The problem is: Until you go out and do a mass casualty event, unless you yourself are a trained professional, no one knows what you actually did.
The knowledge is one thing. But the competence of execution and the will to act are difficult to line up.
Yes there should be safe guards, but after a while you're jumping at shadows.
I'm more worried about depressed kids getting on chat and being encouraged to kill themselves than terrorist attacks.
We know what a cancer algorithmic social media is yet we don't act.
I doubt there will be any real and serious opposition to this bill, but there should be.
Countless downloadable models (including de-aligned mainstream models) can do this.
Making knowledge illegal is a dangerous precedent. Actions should be illegal, not knowledge. Don't outlaw knowing how to make neurotoxic agents, outlaw actually trying to make them.

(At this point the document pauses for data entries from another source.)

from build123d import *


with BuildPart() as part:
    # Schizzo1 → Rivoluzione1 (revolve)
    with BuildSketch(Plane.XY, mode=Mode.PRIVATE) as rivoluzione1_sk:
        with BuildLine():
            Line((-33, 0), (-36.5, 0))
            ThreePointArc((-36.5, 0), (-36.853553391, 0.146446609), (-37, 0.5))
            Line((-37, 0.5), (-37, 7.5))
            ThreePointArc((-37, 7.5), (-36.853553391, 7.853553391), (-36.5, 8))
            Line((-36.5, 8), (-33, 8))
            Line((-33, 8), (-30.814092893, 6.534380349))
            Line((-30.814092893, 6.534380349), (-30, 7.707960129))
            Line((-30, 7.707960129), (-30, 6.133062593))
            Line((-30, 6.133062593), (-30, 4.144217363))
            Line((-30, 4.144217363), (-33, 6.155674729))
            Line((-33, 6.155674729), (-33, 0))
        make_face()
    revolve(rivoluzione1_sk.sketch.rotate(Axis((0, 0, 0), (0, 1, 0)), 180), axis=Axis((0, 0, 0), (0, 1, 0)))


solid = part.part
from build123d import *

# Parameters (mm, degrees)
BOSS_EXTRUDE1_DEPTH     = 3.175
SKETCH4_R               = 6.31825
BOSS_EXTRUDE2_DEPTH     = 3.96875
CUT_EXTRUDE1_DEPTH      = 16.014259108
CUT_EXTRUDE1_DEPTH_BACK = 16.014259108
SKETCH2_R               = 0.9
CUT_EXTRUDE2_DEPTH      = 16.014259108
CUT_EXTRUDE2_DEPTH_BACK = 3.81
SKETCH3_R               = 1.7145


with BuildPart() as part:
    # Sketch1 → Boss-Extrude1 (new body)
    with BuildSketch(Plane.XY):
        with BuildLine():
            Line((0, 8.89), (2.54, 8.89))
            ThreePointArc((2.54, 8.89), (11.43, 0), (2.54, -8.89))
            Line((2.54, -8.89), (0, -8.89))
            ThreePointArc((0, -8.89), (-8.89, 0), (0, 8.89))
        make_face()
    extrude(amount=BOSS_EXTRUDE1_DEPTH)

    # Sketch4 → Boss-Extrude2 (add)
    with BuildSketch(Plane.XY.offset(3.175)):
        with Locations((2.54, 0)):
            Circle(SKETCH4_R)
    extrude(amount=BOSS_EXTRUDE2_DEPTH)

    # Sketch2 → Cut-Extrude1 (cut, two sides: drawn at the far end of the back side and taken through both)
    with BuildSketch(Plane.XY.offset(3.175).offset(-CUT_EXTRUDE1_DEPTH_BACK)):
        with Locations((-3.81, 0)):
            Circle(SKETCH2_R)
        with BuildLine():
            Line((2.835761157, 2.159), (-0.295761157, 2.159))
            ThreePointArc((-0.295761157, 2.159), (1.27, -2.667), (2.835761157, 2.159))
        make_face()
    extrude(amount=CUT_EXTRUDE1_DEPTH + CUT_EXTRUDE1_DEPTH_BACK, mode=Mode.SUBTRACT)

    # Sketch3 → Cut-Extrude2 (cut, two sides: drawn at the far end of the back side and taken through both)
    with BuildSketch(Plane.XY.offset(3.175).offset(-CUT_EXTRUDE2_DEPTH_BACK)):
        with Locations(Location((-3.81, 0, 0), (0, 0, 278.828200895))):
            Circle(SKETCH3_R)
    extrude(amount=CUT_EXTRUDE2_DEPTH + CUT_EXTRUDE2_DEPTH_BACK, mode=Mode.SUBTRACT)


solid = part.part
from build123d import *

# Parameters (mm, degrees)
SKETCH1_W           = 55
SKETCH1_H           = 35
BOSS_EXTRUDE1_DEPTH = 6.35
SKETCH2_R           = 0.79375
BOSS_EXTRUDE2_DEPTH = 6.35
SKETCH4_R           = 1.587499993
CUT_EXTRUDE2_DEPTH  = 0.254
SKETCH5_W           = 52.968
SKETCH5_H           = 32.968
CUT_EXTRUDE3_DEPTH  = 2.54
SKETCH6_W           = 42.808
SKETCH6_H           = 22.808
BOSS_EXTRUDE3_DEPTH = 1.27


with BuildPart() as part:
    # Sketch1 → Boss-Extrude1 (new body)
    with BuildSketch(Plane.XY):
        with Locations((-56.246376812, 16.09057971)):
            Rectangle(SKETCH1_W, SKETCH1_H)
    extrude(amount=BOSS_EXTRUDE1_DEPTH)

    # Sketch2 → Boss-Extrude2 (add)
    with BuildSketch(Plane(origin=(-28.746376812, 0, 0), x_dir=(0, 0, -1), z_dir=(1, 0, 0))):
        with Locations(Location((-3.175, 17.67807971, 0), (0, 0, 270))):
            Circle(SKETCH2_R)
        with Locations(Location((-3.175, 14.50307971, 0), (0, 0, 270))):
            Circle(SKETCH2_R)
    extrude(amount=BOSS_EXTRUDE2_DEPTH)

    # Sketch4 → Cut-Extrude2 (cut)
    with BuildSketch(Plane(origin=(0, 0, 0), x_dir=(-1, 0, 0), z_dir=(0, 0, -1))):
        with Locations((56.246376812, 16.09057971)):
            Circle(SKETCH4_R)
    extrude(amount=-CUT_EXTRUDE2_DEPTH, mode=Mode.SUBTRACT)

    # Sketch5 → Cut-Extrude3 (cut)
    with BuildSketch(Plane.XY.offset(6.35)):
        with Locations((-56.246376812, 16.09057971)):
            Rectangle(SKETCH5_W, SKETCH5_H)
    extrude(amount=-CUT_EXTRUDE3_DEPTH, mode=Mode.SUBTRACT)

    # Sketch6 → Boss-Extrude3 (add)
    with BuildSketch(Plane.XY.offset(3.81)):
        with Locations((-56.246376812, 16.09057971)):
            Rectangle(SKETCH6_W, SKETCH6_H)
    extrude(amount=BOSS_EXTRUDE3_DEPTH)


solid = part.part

As for OpenAI immunity, I'm not sure I see the problem. Consider the converse position: if an OpenAI model helped someone create a cancer cure, would OpenAI see a dime of that money? If they can't benefit proportionally from their tool allowing people to achieve something good, then why should they be liable for their tool allowing people to achieve something bad.
They're positioning their tool as a utility: ultimately neutral, like electricity. That seems eminently reasonable.
You can buy books on how to make and obtain chemicals on your own.
Hell here's an Internet Archive book on making explosives
https://archive.org/details/saxon-kurt.-fireworks-explosives....
If you ever chat with older folks pre-90's much of this information was accessible fairly easily. It only changed with the push by the government to crackdown on Waco, Oklahoma City bombing, militias and other related groups. There was then a campaign to make it "normal" to limit free speech on the subjects, where as these books were available before.
I think the whole thing where AI should make information less available is a difficult battle and one which I personally oppose, but do understand. Free speech and information isn't the problem, it's the people, actions and substances they create.
After the age of the internet, I think it's been a forever loosing battle to limit information, it's why we couldn't stop cryptography, nuclear weapon proliferation, gun distribution, drug distribution, etc. The AI is just another battle ground, one which, if they actually do manage to control could definitely create some walls to this information, but not stop it.
More scary, is that the AI as it becomes pervasive and stop people from asking certain questions, because they don't know they should ask... but that's unrelated to the risk of mass death.
> neurotoxic agents from items you can get at most everyday stores
I mean, bleach and ammonia will do that. So I'm not sure that's really much of an accomplishment for AI.
While scary, information like this has been pretty accessible for 20-30 years now.
In the wild west days of the early internet, there were whole forums devoted to "stuff the government doesn't want you to know" (Temple Of The Screaming Electron, anyone?).
I suppose the friction is scariest part, every year the IQ required to end the world drops by a point, but motivated and mildly intelligent people have been able to get this info for a long time now. Execution though has still steadily required experts.